Ma se la letteratura implica una relazione con tutto ciò che è stato, in Autobiografia di uno spettatore, il cinema pone lo spettatore a contatto con il mondo che è al tempo presente, non soltanto offrendone evasione, senso di spaesamento e una particolare mistificazione:

«[…] il cinema era il modo più facile e a portata di mano, ma anche quello che istantaneamente mi portava più lontano.»

ma delineando anche il passaggio che va “dalla caricatura al visionario”, “dal dentro al fuori”, “dalla luce al buio”, “dai luoghi della mia esperienza ai luoghi dell’altrove”, racchiudendo ed enucleando in siffatto modo il cosiddetto “effetto del realismo”. E negli anni del dopoguerra, quando si avverte che le cose sono cambiate e la tristezza – invisibile alle cose – è una fiamma che arde nell’interiorità, all’universo cinematografico spetta un ruolo non irrilevante, nonostante anch’esso sia stato attraversato da cambiamenti notevoli.

Il cinema, ora più che mai, risponde a un disperato bisogno di prendere le distanze dalla realtà, affinché fosse – per una manciata di ore – qualcosa di astratto, se non addirittura di inesistente. Nella presentazione, infatti, Calvino confessa che all’epoca la settima arte non solo è “il luogo di incontro con i compagni, ma più della letteratura e dei libri, esso è un tema di dialogo e di discussione”. Pertanto, se da un lato lo schermo non riduce la distanza, in quanto è «una lente d’ingrandimento posata sul fuori quotidiano», dall’altro ciò che per i registi diventa di importanza fondamentale è la trasposizione esplorativo-documentaria o introspettiva, che porta alla formulazione di una serie di interrogativi sul mondo esterno e che coinvolgono ineluttabilmente il “nostro esistere quotidiano e il rapporto con noi stessi”.
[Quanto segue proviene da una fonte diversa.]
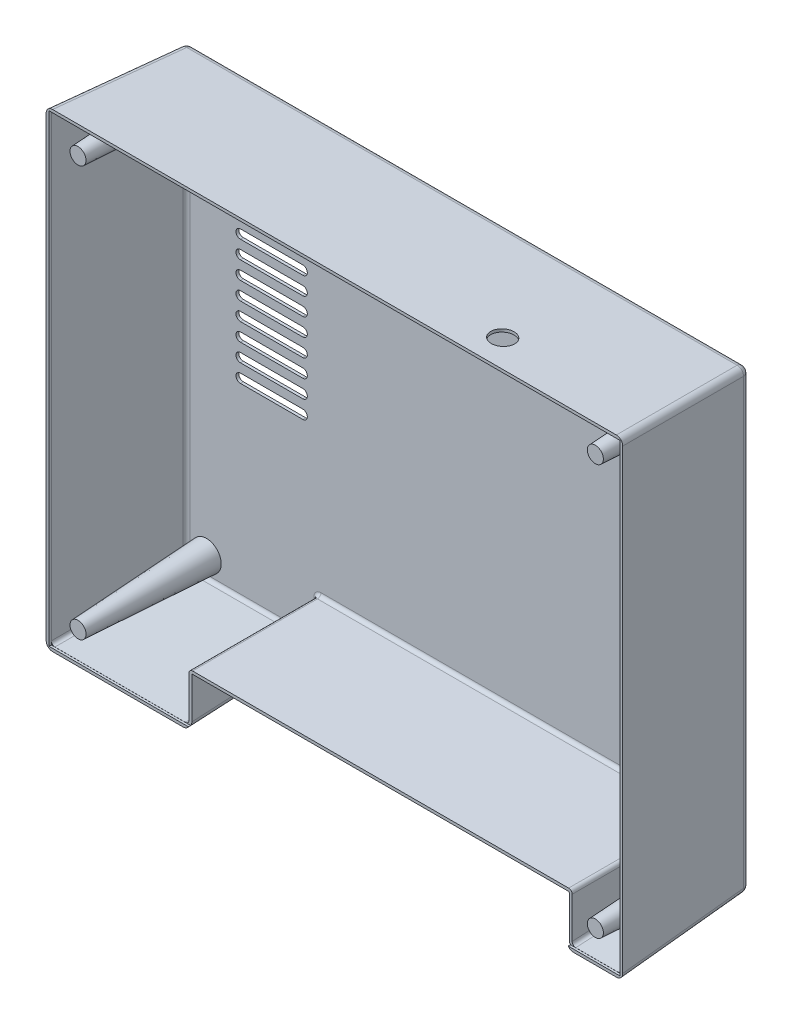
ISO-10303-21;
HEADER;
FILE_DESCRIPTION(('STEP AP214'),'2;1');
FILE_NAME('part.step','',(''),(''),'','','');
FILE_SCHEMA(('AUTOMOTIVE_DESIGN { 1 0 10303 214 1 1 1 1 }'));
ENDSEC;
DATA;
#1=APPLICATION_CONTEXT('core data for automotive mechanical design processes');
#2=APPLICATION_PROTOCOL_DEFINITION('international standard','automotive_design',2000,#1);
#3=PRODUCT_CONTEXT('',#1,'mechanical');
#4=PRODUCT('Part','Part','',(#3));
#5=PRODUCT_RELATED_PRODUCT_CATEGORY('part','',(#4));
#6=PRODUCT_DEFINITION_FORMATION('','',#4);
#7=PRODUCT_DEFINITION_CONTEXT('part definition',#1,'design');
#8=PRODUCT_DEFINITION('design','',#6,#7);
#9=PRODUCT_DEFINITION_SHAPE('','',#8);
#10=(LENGTH_UNIT() NAMED_UNIT(*) SI_UNIT(.MILLI.,.METRE.));
#11=(NAMED_UNIT(*) PLANE_ANGLE_UNIT() SI_UNIT($,.RADIAN.));
#12=(NAMED_UNIT(*) SI_UNIT($,.STERADIAN.) SOLID_ANGLE_UNIT());
#13=UNCERTAINTY_MEASURE_WITH_UNIT(LENGTH_MEASURE(1.E-05),#10,'distance_accuracy_value','');
#14=(GEOMETRIC_REPRESENTATION_CONTEXT(3) GLOBAL_UNCERTAINTY_ASSIGNED_CONTEXT((#13)) GLOBAL_UNIT_ASSIGNED_CONTEXT((#10,
#11,#12)) REPRESENTATION_CONTEXT('',''));
#15=CARTESIAN_POINT('',(0.,0.,0.));
#16=DIRECTION('',(0.,0.,1.));
#17=DIRECTION('',(1.,0.,0.));
#18=AXIS2_PLACEMENT_3D('',#15,#16,#17);
#19=CARTESIAN_POINT('',(101.6,83.5646076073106,-0.053173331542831));
#20=DIRECTION('',(0.,0.998629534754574,-0.0523359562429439));
#21=DIRECTION('',(0.,0.052335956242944,0.998629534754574));
#22=AXIS2_PLACEMENT_3D('',#19,#20,#21);
#23=PLANE('',#22);
#24=DIRECTION('',(0.052264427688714,0.052264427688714,0.997264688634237));
#25=VECTOR('',#24,1.);
#26=CARTESIAN_POINT('',(99.8842225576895,83.1170896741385,-8.59232418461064));
#27=LINE('',#26,#25);
#28=CARTESIAN_POINT('',(100.334527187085,83.5673943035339,0.));
#29=VERTEX_POINT('',#28);
#30=CARTESIAN_POINT('',(97.9571326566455,81.1899997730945,-45.3633899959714));
#31=VERTEX_POINT('',#30);
#32=EDGE_CURVE('E1060',#29,#31,#27,.F.);
#33=ORIENTED_EDGE('',*,*,#32,.T.);
#34=DIRECTION('',(1.,0.,0.));
#35=VECTOR('',#34,1.);
#36=CARTESIAN_POINT('',(101.6,81.1899997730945,-45.3633899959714));
#37=LINE('',#36,#35);
#38=CARTESIAN_POINT('',(-97.9571326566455,81.1899997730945,-45.3633899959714));
#39=VERTEX_POINT('',#38);
#40=EDGE_CURVE('E1065',#31,#39,#37,.F.);
#41=ORIENTED_EDGE('',*,*,#40,.T.);
#42=DIRECTION('',(-0.052264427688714,0.052264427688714,0.997264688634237));
#43=VECTOR('',#42,1.);
#44=CARTESIAN_POINT('',(-99.7801497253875,83.0130168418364,-10.5781521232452));
#45=LINE('',#44,#43);
#46=CARTESIAN_POINT('',(-100.334527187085,83.5673943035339,0.));
#47=VERTEX_POINT('',#46);
#48=EDGE_CURVE('E1063',#39,#47,#45,.T.);
#49=ORIENTED_EDGE('',*,*,#48,.T.);
#50=DIRECTION('',(-1.,0.,0.));
#51=VECTOR('',#50,1.);
#52=CARTESIAN_POINT('',(101.6,83.5673943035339,0.));
#53=LINE('',#52,#51);
#54=EDGE_CURVE('E1190',#29,#47,#53,.T.);
#55=ORIENTED_EDGE('',*,*,#54,.F.);
#56=EDGE_LOOP('',(#33,#41,#49,#55));
#57=FACE_BOUND('',#56,.T.);
#58=CARTESIAN_POINT('',(49.5693691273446,83.026611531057,-10.31875));
#59=DIRECTION('',(0.,0.998629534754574,-0.0523359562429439));
#60=DIRECTION('',(0.,-0.052335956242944,-0.998629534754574));
#61=AXIS2_PLACEMENT_3D('',#58,#59,#60);
#62=ELLIPSE('',#61,4.06957721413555,4.064);
#63=CARTESIAN_POINT('',(49.5693691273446,82.8136263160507,-14.38275));
#64=VERTEX_POINT('',#63);
#65=EDGE_CURVE('E2243',#64,#64,#62,.F.);
#66=ORIENTED_EDGE('',*,*,#65,.T.);
#67=EDGE_LOOP('',(#66));
#68=FACE_BOUND('',#67,.T.);
#69=ADVANCED_FACE('F28',(#57,#68),#23,.T.);
#70=CARTESIAN_POINT('',(101.6,82.55,0.));
#71=DIRECTION('',(0.,0.998629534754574,-0.0523359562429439));
#72=DIRECTION('',(0.,0.052335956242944,0.998629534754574));
#73=AXIS2_PLACEMENT_3D('',#70,#71,#72);
#74=PLANE('',#73);
#75=DIRECTION('',(0.0522644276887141,0.052264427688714,0.997264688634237));
#76=VECTOR('',#75,1.);
#77=CARTESIAN_POINT('',(100.335204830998,82.5534643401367,0.0661035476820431));
#78=LINE('',#77,#76);
#79=CARTESIAN_POINT('',(100.290141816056,82.5084013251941,-0.79375));
#80=VERTEX_POINT('',#79);
#81=CARTESIAN_POINT('',(97.9571326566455,80.1753921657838,-45.3102166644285));
#82=VERTEX_POINT('',#81);
#83=EDGE_CURVE('E932',#80,#82,#78,.F.);
#84=ORIENTED_EDGE('',*,*,#83,.F.);
#85=DIRECTION('',(-1.,0.,0.));
#86=VECTOR('',#85,1.);
#87=CARTESIAN_POINT('',(101.6,82.5084013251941,-0.79375));
#88=LINE('',#87,#86);
#89=CARTESIAN_POINT('',(-100.290141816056,82.5084013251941,-0.79375));
#90=VERTEX_POINT('',#89);
#91=EDGE_CURVE('E844',#80,#90,#88,.T.);
#92=ORIENTED_EDGE('',*,*,#91,.T.);
#93=DIRECTION('',(-0.052264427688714,0.052264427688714,0.997264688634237));
#94=VECTOR('',#93,1.);
#95=CARTESIAN_POINT('',(-99.7801497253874,81.9984092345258,-10.5249787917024));
#96=LINE('',#95,#94);
#97=CARTESIAN_POINT('',(-97.9571326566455,80.1753921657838,-45.3102166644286));
#98=VERTEX_POINT('',#97);
#99=EDGE_CURVE('E934',#98,#90,#96,.T.);
#100=ORIENTED_EDGE('',*,*,#99,.F.);
#101=DIRECTION('',(1.,0.,0.));
#102=VECTOR('',#101,1.);
#103=CARTESIAN_POINT('',(-97.8940581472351,80.1753921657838,-45.3102166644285));
#104=LINE('',#103,#102);
#105=EDGE_CURVE('E993',#82,#98,#104,.F.);
#106=ORIENTED_EDGE('',*,*,#105,.F.);
#107=EDGE_LOOP('',(#84,#92,#100,#106));
#108=FACE_BOUND('',#107,.T.);
#109=CARTESIAN_POINT('',(49.5693691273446,82.0092172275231,-10.31875));
#110=DIRECTION('',(0.,0.998629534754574,-0.0523359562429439));
#111=DIRECTION('',(0.,-0.052335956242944,-0.998629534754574));
#112=AXIS2_PLACEMENT_3D('',#109,#110,#111);
#113=ELLIPSE('',#112,4.06957721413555,4.064);
#114=CARTESIAN_POINT('',(49.5693691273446,81.7962320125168,-14.38275));
#115=VERTEX_POINT('',#114);
#116=EDGE_CURVE('E32',#115,#115,#113,.F.);
#117=ORIENTED_EDGE('',*,*,#116,.F.);
#118=EDGE_LOOP('',(#117));
#119=FACE_BOUND('',#118,.T.);
#120=ADVANCED_FACE('F1338',(#108,#119),#74,.F.);
#121=CARTESIAN_POINT('',(-46.6537976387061,22.566291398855,-46.51375));
#122=DIRECTION('',(0.,0.,1.));
#123=DIRECTION('',(0.,1.,0.));
#124=AXIS2_PLACEMENT_3D('',#121,#122,#123);
#125=PLANE('',#124);
#126=CARTESIAN_POINT('',(-92.075,-73.025,-46.51375));
#127=DIRECTION('',(0.,0.,1.));
#128=DIRECTION('',(0.,-1.,0.));
#129=AXIS2_PLACEMENT_3D('',#126,#127,#128);
#130=CIRCLE('',#129,5.25358366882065);
#131=CARTESIAN_POINT('',(-92.075,-78.2785836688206,-46.51375));
#132=VERTEX_POINT('',#131);
#133=EDGE_CURVE('E2252',#132,#132,#130,.T.);
#134=ORIENTED_EDGE('',*,*,#133,.F.);
#135=EDGE_LOOP('',(#134));
#136=FACE_BOUND('',#135,.T.);
#137=CARTESIAN_POINT('',(92.075,73.025,-46.51375));
#138=DIRECTION('',(0.,0.,1.));
#139=DIRECTION('',(0.,-1.,0.));
#140=AXIS2_PLACEMENT_3D('',#137,#138,#139);
#141=CIRCLE('',#140,5.25358366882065);
#142=CARTESIAN_POINT('',(92.075,67.7714163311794,-46.51375));
#143=VERTEX_POINT('',#142);
#144=EDGE_CURVE('E2263',#143,#143,#141,.T.);
#145=ORIENTED_EDGE('',*,*,#144,.F.);
#146=EDGE_LOOP('',(#145));
#147=FACE_BOUND('',#146,.T.);
#148=DIRECTION('',(-1.,0.,0.));
#149=VECTOR('',#148,1.);
#150=CARTESIAN_POINT('',(-57.7662976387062,-4.42120860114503,-46.51375));
#151=LINE('',#150,#149);
#152=CARTESIAN_POINT('',(-57.7662976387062,-4.42120860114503,-46.51375));
#153=VERTEX_POINT('',#152);
#154=CARTESIAN_POINT('',(-79.9912976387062,-4.42120860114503,-46.51375));
#155=VERTEX_POINT('',#154);
#156=EDGE_CURVE('E563',#153,#155,#151,.T.);
#157=ORIENTED_EDGE('',*,*,#156,.F.);
#158=CARTESIAN_POINT('',(-57.7662976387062,-6.00870860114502,-46.51375));
#159=DIRECTION('',(0.,0.,1.));
#160=DIRECTION('',(0.,-1.,0.));
#161=AXIS2_PLACEMENT_3D('',#158,#159,#160);
#162=CIRCLE('',#161,1.5875);
#163=CARTESIAN_POINT('',(-57.7662976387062,-7.59620860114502,-46.51375));
#164=VERTEX_POINT('',#163);
#165=EDGE_CURVE('E566',#164,#153,#162,.T.);
#166=ORIENTED_EDGE('',*,*,#165,.F.);
#167=DIRECTION('',(1.,0.,0.));
#168=VECTOR('',#167,1.);
#169=CARTESIAN_POINT('',(-79.9912976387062,-7.59620860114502,-46.51375));
#170=LINE('',#169,#168);
#171=CARTESIAN_POINT('',(-79.9912976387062,-7.59620860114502,-46.51375));
#172=VERTEX_POINT('',#171);
#173=EDGE_CURVE('E590',#172,#164,#170,.T.);
#174=ORIENTED_EDGE('',*,*,#173,.F.);
#175=CARTESIAN_POINT('',(-79.9912976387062,-6.00870860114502,-46.51375));
#176=DIRECTION('',(0.,0.,1.));
#177=DIRECTION('',(0.,-1.,0.));
#178=AXIS2_PLACEMENT_3D('',#175,#176,#177);
#179=CIRCLE('',#178,1.5875);
#180=EDGE_CURVE('E539',#155,#172,#179,.T.);
#181=ORIENTED_EDGE('',*,*,#180,.F.);
#182=EDGE_LOOP('',(#157,#166,#174,#181));
#183=FACE_BOUND('',#182,.T.);
#184=DIRECTION('',(-1.,0.,0.));
#185=VECTOR('',#184,1.);
#186=CARTESIAN_POINT('',(-57.7662976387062,8.27879139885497,-46.51375));
#187=LINE('',#186,#185);
#188=CARTESIAN_POINT('',(-57.7662976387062,8.27879139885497,-46.51375));
#189=VERTEX_POINT('',#188);
#190=CARTESIAN_POINT('',(-79.9912976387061,8.27879139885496,-46.51375));
#191=VERTEX_POINT('',#190);
#192=EDGE_CURVE('E627',#189,#191,#187,.T.);
#193=ORIENTED_EDGE('',*,*,#192,.F.);
#194=CARTESIAN_POINT('',(-57.7662976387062,6.69129139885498,-46.51375));
#195=DIRECTION('',(0.,0.,1.));
#196=DIRECTION('',(0.,-1.,0.));
#197=AXIS2_PLACEMENT_3D('',#194,#195,#196);
#198=CIRCLE('',#197,1.5875);
#199=CARTESIAN_POINT('',(-57.7662976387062,5.10379139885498,-46.51375));
#200=VERTEX_POINT('',#199);
#201=EDGE_CURVE('E630',#200,#189,#198,.T.);
#202=ORIENTED_EDGE('',*,*,#201,.F.);
#203=DIRECTION('',(1.,0.,0.));
#204=VECTOR('',#203,1.);
#205=CARTESIAN_POINT('',(-79.9912976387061,5.10379139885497,-46.51375));
#206=LINE('',#205,#204);
#207=CARTESIAN_POINT('',(-79.9912976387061,5.10379139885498,-46.51375));
#208=VERTEX_POINT('',#207);
#209=EDGE_CURVE('E654',#208,#200,#206,.T.);
#210=ORIENTED_EDGE('',*,*,#209,.F.);
#211=CARTESIAN_POINT('',(-79.9912976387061,6.69129139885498,-46.51375));
#212=DIRECTION('',(0.,0.,1.));
#213=DIRECTION('',(0.,-1.,0.));
#214=AXIS2_PLACEMENT_3D('',#211,#212,#213);
#215=CIRCLE('',#214,1.5875);
#216=EDGE_CURVE('E625',#191,#208,#215,.T.);
#217=ORIENTED_EDGE('',*,*,#216,.F.);
#218=EDGE_LOOP('',(#193,#202,#210,#217));
#219=FACE_BOUND('',#218,.T.);
#220=DIRECTION('',(-1.,0.,0.));
#221=VECTOR('',#220,1.);
#222=CARTESIAN_POINT('',(-57.7662976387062,20.978791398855,-46.51375));
#223=LINE('',#222,#221);
#224=CARTESIAN_POINT('',(-57.7662976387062,20.978791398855,-46.51375));
#225=VERTEX_POINT('',#224);
#226=CARTESIAN_POINT('',(-79.9912976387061,20.978791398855,-46.51375));
#227=VERTEX_POINT('',#226);
#228=EDGE_CURVE('E691',#225,#227,#223,.T.);
#229=ORIENTED_EDGE('',*,*,#228,.F.);
#230=CARTESIAN_POINT('',(-57.7662976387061,19.391291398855,-46.51375));
#231=DIRECTION('',(0.,0.,1.));
#232=DIRECTION('',(0.,-1.,0.));
#233=AXIS2_PLACEMENT_3D('',#230,#231,#232);
#234=CIRCLE('',#233,1.5875);
#235=CARTESIAN_POINT('',(-57.7662976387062,17.803791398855,-46.51375));
#236=VERTEX_POINT('',#235);
#237=EDGE_CURVE('E694',#236,#225,#234,.T.);
#238=ORIENTED_EDGE('',*,*,#237,.F.);
#239=DIRECTION('',(1.,0.,0.));
#240=VECTOR('',#239,1.);
#241=CARTESIAN_POINT('',(-79.9912976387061,17.803791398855,-46.51375));
#242=LINE('',#241,#240);
#243=CARTESIAN_POINT('',(-79.9912976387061,17.803791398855,-46.51375));
#244=VERTEX_POINT('',#243);
#245=EDGE_CURVE('E718',#244,#236,#242,.T.);
#246=ORIENTED_EDGE('',*,*,#245,.F.);
#247=CARTESIAN_POINT('',(-79.9912976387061,19.391291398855,-46.51375));
#248=DIRECTION('',(0.,0.,1.));
#249=DIRECTION('',(0.,-1.,0.));
#250=AXIS2_PLACEMENT_3D('',#247,#248,#249);
#251=CIRCLE('',#250,1.5875);
#252=EDGE_CURVE('E689',#227,#244,#251,.T.);
#253=ORIENTED_EDGE('',*,*,#252,.F.);
#254=EDGE_LOOP('',(#229,#238,#246,#253));
#255=FACE_BOUND('',#254,.T.);
#256=DIRECTION('',(-1.,0.,0.));
#257=VECTOR('',#256,1.);
#258=CARTESIAN_POINT('',(-57.7662976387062,33.678791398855,-46.51375));
#259=LINE('',#258,#257);
#260=CARTESIAN_POINT('',(-57.7662976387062,33.678791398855,-46.51375));
#261=VERTEX_POINT('',#260);
#262=CARTESIAN_POINT('',(-79.9912976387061,33.678791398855,-46.51375));
#263=VERTEX_POINT('',#262);
#264=EDGE_CURVE('E755',#261,#263,#259,.T.);
#265=ORIENTED_EDGE('',*,*,#264,.F.);
#266=CARTESIAN_POINT('',(-57.7662976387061,32.091291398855,-46.51375));
#267=DIRECTION('',(0.,0.,1.));
#268=DIRECTION('',(0.,-1.,0.));
#269=AXIS2_PLACEMENT_3D('',#266,#267,#268);
#270=CIRCLE('',#269,1.5875);
#271=CARTESIAN_POINT('',(-57.7662976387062,30.503791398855,-46.51375));
#272=VERTEX_POINT('',#271);
#273=EDGE_CURVE('E758',#272,#261,#270,.T.);
#274=ORIENTED_EDGE('',*,*,#273,.F.);
#275=DIRECTION('',(1.,0.,0.));
#276=VECTOR('',#275,1.);
#277=CARTESIAN_POINT('',(-79.9912976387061,30.503791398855,-46.51375));
#278=LINE('',#277,#276);
#279=CARTESIAN_POINT('',(-79.9912976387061,30.503791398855,-46.51375));
#280=VERTEX_POINT('',#279);
#281=EDGE_CURVE('E782',#280,#272,#278,.T.);
#282=ORIENTED_EDGE('',*,*,#281,.F.);
#283=CARTESIAN_POINT('',(-79.9912976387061,32.091291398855,-46.51375));
#284=DIRECTION('',(0.,0.,1.));
#285=DIRECTION('',(0.,-1.,0.));
#286=AXIS2_PLACEMENT_3D('',#283,#284,#285);
#287=CIRCLE('',#286,1.5875);
#288=EDGE_CURVE('E753',#263,#280,#287,.T.);
#289=ORIENTED_EDGE('',*,*,#288,.F.);
#290=EDGE_LOOP('',(#265,#274,#282,#289));
#291=FACE_BOUND('',#290,.T.);
#292=DIRECTION('',(0.,1.,0.));
#293=VECTOR('',#292,1.);
#294=CARTESIAN_POINT('',(-97.9571326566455,78.8440581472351,-46.51375));
#295=LINE('',#294,#293);
#296=CARTESIAN_POINT('',(-97.9571326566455,-78.9071326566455,-46.51375));
#297=VERTEX_POINT('',#296);
#298=CARTESIAN_POINT('',(-97.9571326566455,78.9071326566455,-46.51375));
#299=VERTEX_POINT('',#298);
#300=EDGE_CURVE('E988',#297,#299,#295,.T.);
#301=ORIENTED_EDGE('',*,*,#300,.F.);
#302=DIRECTION('',(-1.,0.,0.));
#303=VECTOR('',#302,1.);
#304=CARTESIAN_POINT('',(-97.8940581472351,-78.9071326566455,-46.51375));
#305=LINE('',#304,#303);
#306=CARTESIAN_POINT('',(-53.848,-78.9071326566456,-46.51375));
#307=VERTEX_POINT('',#306);
#308=EDGE_CURVE('E984',#307,#297,#305,.T.);
#309=ORIENTED_EDGE('',*,*,#308,.F.);
#310=DIRECTION('',(0.,-1.,0.));
#311=VECTOR('',#310,1.);
#312=CARTESIAN_POINT('',(-53.848,22.566291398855,-46.51375));
#313=LINE('',#312,#311);
#314=CARTESIAN_POINT('',(-53.848,-66.6767404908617,-46.51375));
#315=VERTEX_POINT('',#314);
#316=EDGE_CURVE('E980',#315,#307,#313,.T.);
#317=ORIENTED_EDGE('',*,*,#316,.F.);
#318=CARTESIAN_POINT('',(-51.308,-66.6767404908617,-46.51375));
#319=DIRECTION('',(0.,0.,1.));
#320=DIRECTION('',(0.,-1.,0.));
#321=AXIS2_PLACEMENT_3D('',#318,#319,#320);
#322=CIRCLE('',#321,2.54);
#323=CARTESIAN_POINT('',(-51.308,-64.1367404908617,-46.51375));
#324=VERTEX_POINT('',#323);
#325=EDGE_CURVE('E976',#324,#315,#322,.T.);
#326=ORIENTED_EDGE('',*,*,#325,.F.);
#327=DIRECTION('',(1.,0.,0.));
#328=VECTOR('',#327,1.);
#329=CARTESIAN_POINT('',(-51.308,-64.1367404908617,-46.51375));
#330=LINE('',#329,#328);
#331=CARTESIAN_POINT('',(82.55,-64.1367404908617,-46.51375));
#332=VERTEX_POINT('',#331);
#333=EDGE_CURVE('E972',#332,#324,#330,.F.);
#334=ORIENTED_EDGE('',*,*,#333,.F.);
#335=CARTESIAN_POINT('',(82.55,-66.6767404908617,-46.51375));
#336=DIRECTION('',(0.,0.,1.));
#337=DIRECTION('',(0.,-1.,0.));
#338=AXIS2_PLACEMENT_3D('',#335,#336,#337);
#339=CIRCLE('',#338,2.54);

L’esserci, il Dasein heideggeriano, è un concetto che Calvino traspone nel racconto intitolato Poubelle aigrée, letteralmente “la pattumiera gradita”, e così lo formula:

«se il buttar via è la prima condizione indispensabile per essere, perché si è ciò che non si butta via, il primo atto fisiologico e mentale è il separare la parte di me che resta e la parte che devo lasciare che discenda in un al di là senza ritorno»

Dunque, l’autore “psicanalizza” l’atto del gettare via (entwurfen). Nella prospettiva calviniana è un “rito catartico”, nello stesso modo in cui la scrittura è “dispossessarsi di una pila di fogli appallottolati”, che giustifica “la mia presenza nel mondo” e in cui

«il contenuto della poubelle rappresenta la parte del nostro essere e avere che deve quotidianamente sprofondare nel buio perché un’altra parte del nostro essere e avere resti a godere la luce del sole […] senza chiederci quanta parte di noi temiamo o desideriamo vada in cenere.»

La strada di San Giovanni è, insomma, un “esercizio della memoria” caratterizzato da intimità, contornato da un temperamento nostalgico e parimenti da un sentimento di estraneità nei luoghi più familiari:

«Questo senso di ritrovarmi in luoghi più raccolti e familiari prendeva me pure, ma sentivo insieme anche il disagio di non potrermi più credere il passante anonimo della carrozzabile; di qui in poi ero «u fiu du prefessù» sottoposto al giudizio di tutti gli occhi altrui.»